### WORK REQUEST
Considering the entries that follow, report how many lines include the string "blocks", giving the number alone.

### RECORDS TO USE
━━━━━━━━
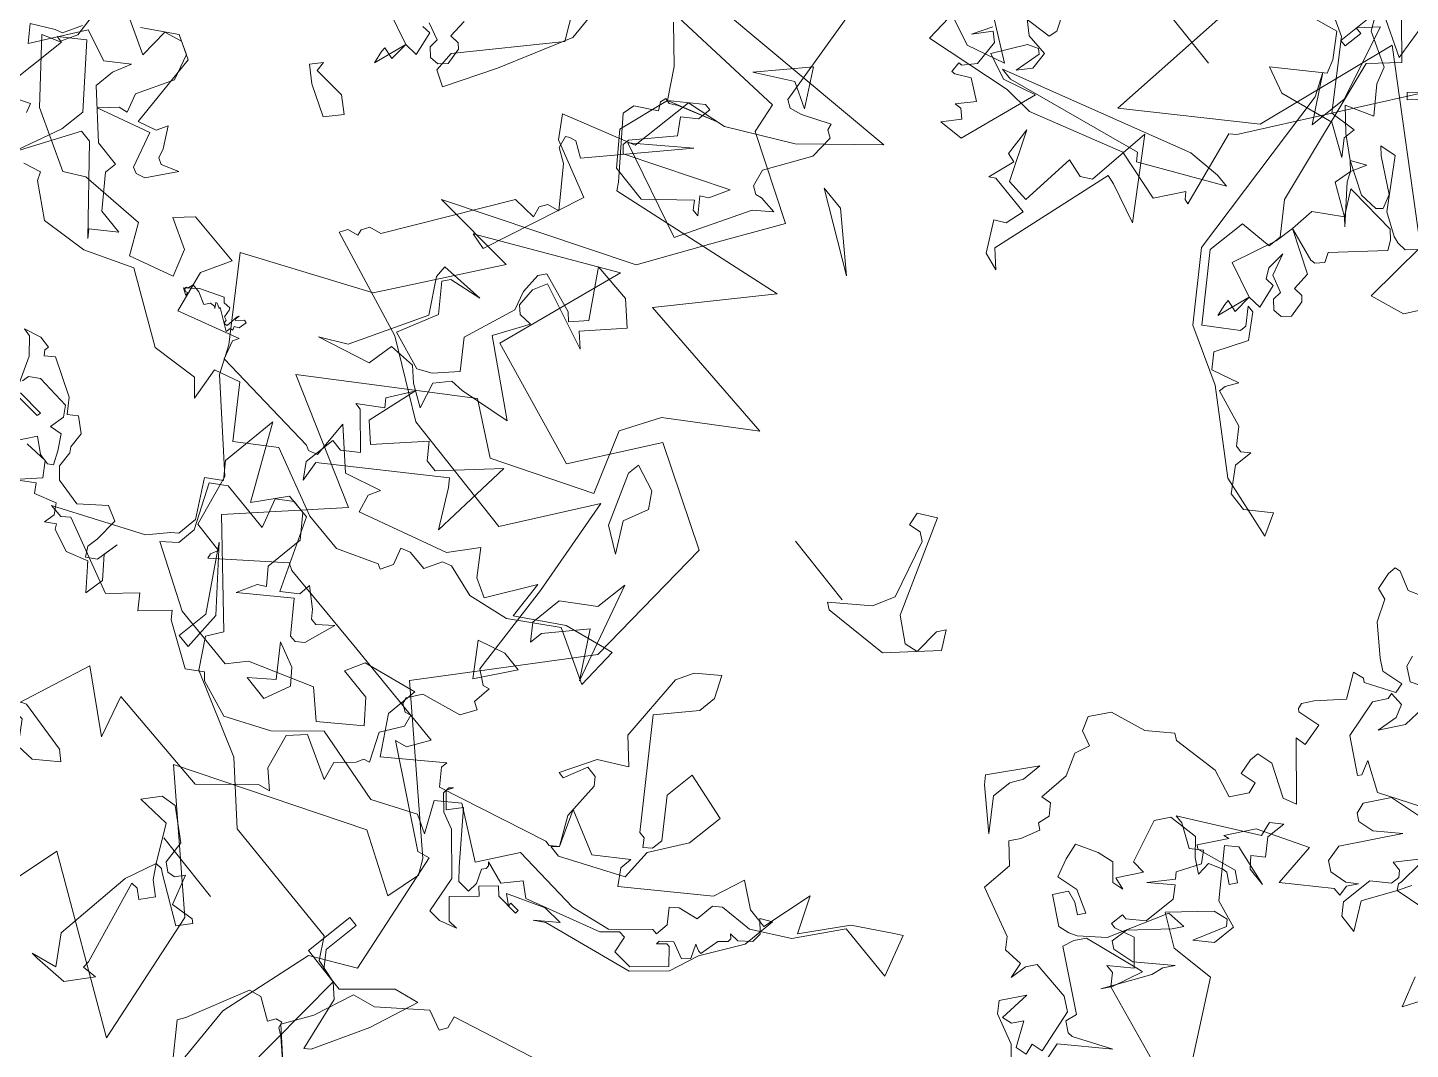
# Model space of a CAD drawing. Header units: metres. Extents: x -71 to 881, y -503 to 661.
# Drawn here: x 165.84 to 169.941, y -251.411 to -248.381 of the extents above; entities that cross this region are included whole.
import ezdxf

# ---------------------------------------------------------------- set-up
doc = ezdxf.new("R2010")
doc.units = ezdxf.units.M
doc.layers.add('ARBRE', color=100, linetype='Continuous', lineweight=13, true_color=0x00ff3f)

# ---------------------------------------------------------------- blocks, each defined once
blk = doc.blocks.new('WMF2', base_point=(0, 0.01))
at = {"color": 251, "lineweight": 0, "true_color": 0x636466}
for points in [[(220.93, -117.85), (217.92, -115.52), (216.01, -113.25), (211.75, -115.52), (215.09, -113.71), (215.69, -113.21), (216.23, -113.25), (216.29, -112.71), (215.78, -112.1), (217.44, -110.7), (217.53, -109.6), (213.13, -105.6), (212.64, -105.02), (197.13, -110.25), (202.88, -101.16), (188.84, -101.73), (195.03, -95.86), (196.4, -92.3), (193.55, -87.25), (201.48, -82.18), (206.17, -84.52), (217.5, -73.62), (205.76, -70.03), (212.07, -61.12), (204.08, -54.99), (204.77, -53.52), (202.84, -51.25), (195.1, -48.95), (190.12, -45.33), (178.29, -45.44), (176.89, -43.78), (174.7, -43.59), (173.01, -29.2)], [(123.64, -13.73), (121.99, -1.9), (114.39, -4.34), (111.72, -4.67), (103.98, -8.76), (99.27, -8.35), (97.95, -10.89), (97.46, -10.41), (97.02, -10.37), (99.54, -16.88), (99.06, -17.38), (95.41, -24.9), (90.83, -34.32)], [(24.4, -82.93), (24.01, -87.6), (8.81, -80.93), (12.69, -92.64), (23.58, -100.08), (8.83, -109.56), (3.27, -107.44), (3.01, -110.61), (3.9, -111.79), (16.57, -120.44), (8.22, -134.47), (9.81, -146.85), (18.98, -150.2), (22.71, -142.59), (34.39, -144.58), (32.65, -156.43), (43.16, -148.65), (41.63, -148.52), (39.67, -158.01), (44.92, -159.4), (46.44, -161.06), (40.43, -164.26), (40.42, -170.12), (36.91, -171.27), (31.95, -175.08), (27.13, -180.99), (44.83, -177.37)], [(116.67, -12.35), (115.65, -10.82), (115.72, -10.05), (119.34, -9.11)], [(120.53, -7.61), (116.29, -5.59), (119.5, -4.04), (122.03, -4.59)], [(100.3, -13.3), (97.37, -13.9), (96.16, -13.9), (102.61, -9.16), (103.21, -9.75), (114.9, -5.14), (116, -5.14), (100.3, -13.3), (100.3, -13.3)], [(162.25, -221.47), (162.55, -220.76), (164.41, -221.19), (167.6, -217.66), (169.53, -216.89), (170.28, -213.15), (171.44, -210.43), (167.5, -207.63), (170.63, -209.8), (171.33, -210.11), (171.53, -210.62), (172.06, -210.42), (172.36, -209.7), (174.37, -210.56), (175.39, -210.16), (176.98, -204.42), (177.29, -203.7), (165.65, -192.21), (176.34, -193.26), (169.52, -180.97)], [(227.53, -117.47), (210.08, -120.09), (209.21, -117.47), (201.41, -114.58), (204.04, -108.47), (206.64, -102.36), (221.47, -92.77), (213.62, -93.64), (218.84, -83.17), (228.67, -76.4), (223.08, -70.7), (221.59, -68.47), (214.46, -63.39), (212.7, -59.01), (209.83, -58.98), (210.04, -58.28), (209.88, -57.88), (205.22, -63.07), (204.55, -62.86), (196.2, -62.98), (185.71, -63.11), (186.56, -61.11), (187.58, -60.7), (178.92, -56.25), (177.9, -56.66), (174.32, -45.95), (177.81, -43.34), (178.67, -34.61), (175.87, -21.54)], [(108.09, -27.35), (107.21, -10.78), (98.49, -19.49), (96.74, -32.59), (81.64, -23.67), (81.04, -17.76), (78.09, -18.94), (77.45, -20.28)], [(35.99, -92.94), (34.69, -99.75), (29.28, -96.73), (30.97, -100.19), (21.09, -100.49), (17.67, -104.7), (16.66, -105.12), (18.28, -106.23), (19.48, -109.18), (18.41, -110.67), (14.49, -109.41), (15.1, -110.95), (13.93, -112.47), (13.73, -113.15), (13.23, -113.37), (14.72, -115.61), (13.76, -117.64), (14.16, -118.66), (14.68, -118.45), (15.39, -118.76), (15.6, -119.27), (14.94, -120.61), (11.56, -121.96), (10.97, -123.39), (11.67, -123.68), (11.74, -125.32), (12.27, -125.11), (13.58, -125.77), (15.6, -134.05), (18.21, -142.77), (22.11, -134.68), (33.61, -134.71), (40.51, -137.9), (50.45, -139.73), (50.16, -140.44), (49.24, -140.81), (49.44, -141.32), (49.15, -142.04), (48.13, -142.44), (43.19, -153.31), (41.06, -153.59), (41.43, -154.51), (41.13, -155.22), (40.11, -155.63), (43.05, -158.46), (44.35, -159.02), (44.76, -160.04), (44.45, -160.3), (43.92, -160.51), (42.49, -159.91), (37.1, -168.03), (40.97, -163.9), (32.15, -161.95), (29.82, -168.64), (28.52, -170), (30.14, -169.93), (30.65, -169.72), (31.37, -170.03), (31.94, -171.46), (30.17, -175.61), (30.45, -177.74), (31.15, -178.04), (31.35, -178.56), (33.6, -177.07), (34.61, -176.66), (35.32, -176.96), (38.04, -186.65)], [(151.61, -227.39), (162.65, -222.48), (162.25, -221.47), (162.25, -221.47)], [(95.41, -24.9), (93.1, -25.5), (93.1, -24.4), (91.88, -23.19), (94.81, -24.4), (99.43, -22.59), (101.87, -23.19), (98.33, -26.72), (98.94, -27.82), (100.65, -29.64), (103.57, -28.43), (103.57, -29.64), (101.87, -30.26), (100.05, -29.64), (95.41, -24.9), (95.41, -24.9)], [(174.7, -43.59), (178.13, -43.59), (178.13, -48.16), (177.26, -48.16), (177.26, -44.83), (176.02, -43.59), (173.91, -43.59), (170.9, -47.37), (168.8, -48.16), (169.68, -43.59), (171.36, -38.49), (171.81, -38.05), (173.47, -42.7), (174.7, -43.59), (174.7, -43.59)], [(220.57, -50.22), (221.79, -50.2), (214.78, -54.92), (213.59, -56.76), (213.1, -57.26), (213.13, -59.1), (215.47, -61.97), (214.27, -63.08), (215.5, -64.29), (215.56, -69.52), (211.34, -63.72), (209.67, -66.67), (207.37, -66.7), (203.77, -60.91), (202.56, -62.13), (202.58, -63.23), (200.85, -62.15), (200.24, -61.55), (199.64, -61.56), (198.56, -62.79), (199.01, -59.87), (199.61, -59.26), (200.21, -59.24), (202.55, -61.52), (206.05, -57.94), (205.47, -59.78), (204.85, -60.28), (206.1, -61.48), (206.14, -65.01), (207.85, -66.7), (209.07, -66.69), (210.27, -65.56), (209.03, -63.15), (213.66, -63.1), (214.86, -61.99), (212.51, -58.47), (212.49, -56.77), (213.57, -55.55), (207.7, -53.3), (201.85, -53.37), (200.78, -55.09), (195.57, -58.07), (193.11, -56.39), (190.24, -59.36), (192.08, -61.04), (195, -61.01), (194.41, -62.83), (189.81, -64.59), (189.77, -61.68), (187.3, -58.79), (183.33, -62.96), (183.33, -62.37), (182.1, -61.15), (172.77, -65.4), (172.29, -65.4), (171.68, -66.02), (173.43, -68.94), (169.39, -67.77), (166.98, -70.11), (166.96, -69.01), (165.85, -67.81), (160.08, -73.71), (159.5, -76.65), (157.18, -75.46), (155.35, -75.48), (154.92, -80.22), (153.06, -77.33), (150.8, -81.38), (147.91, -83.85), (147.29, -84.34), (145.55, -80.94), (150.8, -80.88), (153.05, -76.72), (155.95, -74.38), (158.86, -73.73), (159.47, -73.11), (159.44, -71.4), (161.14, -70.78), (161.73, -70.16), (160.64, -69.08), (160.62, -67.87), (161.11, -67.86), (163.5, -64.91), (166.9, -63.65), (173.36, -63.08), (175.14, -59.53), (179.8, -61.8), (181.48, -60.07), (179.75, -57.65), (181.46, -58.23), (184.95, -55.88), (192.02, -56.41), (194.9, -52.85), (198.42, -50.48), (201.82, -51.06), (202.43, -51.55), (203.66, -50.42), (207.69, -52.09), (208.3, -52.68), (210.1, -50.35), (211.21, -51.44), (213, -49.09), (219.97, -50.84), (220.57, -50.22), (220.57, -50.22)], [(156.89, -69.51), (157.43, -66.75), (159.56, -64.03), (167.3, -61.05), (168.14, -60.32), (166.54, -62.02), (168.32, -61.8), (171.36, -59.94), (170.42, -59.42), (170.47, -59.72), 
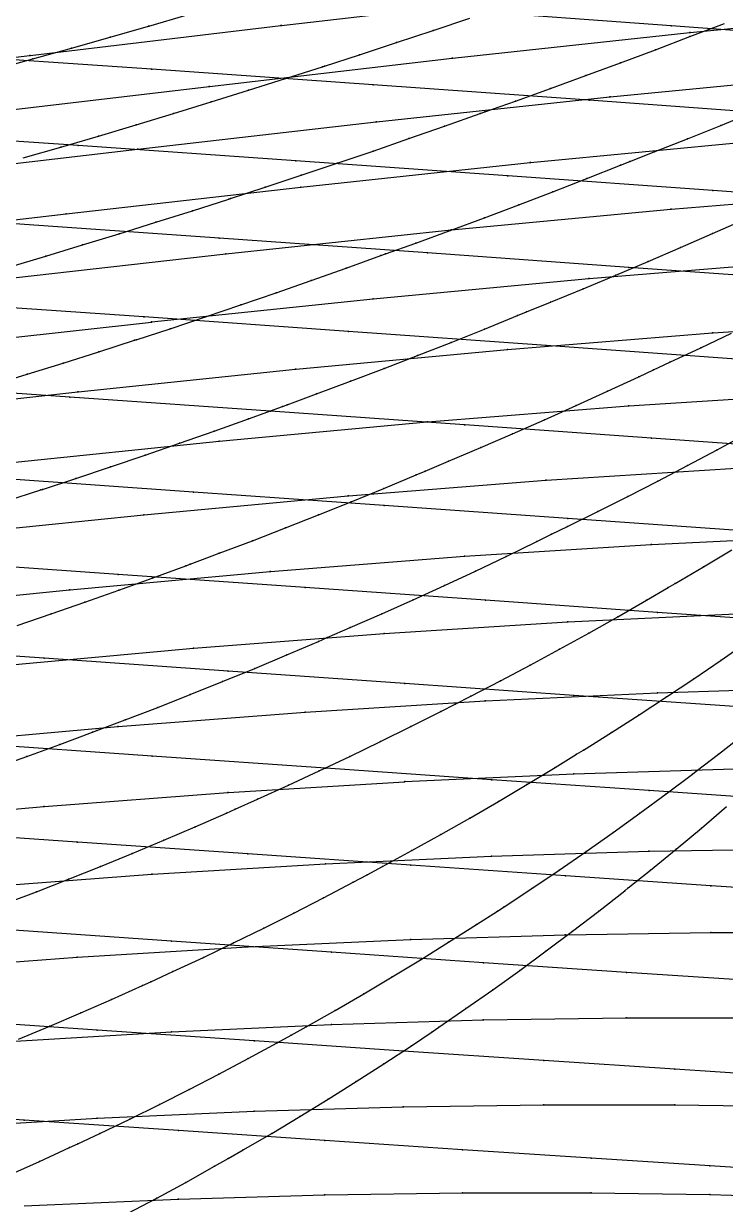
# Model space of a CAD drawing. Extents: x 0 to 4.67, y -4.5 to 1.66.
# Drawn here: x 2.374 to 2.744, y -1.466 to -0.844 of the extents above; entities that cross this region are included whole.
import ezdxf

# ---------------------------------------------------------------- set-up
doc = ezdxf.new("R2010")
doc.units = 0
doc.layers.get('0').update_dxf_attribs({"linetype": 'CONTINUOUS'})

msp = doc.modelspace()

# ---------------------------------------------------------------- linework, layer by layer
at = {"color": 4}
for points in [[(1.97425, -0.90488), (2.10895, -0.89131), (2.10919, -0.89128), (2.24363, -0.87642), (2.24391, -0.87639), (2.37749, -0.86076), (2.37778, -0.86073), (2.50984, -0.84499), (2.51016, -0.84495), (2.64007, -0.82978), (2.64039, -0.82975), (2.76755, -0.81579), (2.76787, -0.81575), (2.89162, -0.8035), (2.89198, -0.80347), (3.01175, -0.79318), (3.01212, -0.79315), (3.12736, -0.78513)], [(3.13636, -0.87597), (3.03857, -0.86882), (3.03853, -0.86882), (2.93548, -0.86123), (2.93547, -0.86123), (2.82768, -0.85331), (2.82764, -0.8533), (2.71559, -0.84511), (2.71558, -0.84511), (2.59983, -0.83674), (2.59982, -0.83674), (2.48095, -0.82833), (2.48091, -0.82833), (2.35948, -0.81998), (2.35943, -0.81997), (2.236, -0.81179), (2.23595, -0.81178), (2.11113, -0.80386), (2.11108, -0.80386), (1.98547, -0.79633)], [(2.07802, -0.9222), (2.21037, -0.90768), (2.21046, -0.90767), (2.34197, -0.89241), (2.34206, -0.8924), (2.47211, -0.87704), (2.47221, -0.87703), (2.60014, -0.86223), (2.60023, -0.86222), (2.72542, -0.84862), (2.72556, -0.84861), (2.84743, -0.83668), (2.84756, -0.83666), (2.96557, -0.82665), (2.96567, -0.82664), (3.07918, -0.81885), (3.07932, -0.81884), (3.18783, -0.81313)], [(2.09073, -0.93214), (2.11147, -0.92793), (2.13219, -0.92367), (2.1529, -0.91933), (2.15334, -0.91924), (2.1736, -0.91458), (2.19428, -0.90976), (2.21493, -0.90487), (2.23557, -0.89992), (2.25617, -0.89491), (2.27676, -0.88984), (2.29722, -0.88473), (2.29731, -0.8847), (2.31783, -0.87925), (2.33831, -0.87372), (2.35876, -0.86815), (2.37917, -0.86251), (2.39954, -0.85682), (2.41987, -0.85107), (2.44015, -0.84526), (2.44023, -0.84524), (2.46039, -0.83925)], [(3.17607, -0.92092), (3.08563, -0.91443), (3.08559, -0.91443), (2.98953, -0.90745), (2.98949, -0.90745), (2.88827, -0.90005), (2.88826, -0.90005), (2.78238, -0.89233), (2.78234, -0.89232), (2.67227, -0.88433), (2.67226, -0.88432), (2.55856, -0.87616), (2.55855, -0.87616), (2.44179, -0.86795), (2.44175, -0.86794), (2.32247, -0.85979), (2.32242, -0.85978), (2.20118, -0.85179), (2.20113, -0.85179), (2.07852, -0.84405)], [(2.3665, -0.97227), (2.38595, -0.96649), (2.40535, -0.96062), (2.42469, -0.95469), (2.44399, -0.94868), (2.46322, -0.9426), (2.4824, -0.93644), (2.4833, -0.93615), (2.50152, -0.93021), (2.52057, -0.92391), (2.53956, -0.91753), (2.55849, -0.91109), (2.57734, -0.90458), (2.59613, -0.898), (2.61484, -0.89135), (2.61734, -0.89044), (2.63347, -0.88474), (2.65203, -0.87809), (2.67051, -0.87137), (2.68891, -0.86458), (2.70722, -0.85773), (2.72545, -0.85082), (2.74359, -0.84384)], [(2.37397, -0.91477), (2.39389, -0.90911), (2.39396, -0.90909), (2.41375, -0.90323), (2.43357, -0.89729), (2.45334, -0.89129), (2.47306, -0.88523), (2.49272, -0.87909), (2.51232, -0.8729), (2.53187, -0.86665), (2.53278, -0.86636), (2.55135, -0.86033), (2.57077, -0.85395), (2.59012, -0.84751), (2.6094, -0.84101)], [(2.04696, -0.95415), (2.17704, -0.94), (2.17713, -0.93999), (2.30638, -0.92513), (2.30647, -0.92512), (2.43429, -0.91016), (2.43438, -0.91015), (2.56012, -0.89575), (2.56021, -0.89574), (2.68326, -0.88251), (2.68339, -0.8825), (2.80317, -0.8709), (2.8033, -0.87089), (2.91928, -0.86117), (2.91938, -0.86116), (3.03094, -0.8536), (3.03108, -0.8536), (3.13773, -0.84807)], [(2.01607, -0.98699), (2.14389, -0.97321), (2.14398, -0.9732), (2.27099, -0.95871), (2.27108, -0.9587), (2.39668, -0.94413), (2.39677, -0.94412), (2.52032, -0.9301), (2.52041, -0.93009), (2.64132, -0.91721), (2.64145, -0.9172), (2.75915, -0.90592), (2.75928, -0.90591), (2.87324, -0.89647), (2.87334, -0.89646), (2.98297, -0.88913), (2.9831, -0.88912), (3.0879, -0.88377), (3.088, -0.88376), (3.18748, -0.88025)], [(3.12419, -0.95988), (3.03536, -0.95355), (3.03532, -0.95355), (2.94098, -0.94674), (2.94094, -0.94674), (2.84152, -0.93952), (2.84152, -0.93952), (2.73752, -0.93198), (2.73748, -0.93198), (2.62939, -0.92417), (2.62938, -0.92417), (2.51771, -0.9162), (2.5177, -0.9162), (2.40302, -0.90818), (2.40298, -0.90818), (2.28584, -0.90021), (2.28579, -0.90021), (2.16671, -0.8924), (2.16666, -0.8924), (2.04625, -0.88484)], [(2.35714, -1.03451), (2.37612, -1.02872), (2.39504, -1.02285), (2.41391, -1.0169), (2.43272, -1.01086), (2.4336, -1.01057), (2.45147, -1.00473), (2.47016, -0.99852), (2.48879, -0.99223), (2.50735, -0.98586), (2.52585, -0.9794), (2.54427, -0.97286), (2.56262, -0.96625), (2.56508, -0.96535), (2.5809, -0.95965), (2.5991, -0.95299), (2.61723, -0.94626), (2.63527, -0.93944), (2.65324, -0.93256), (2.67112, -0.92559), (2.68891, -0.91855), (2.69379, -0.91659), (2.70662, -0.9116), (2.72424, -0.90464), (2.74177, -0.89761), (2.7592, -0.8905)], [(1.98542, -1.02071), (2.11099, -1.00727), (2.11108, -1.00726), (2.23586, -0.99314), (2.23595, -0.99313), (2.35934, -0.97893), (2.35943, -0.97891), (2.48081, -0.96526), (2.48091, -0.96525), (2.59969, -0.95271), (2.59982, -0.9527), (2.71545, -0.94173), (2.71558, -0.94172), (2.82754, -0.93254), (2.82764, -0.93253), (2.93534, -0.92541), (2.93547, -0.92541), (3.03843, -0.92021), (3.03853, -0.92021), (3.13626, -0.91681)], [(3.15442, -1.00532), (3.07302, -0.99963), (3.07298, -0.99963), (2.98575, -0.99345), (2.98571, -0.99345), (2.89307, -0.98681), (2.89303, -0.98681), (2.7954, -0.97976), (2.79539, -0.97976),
━━━━━━━━
### WRITTEN ANSWER
2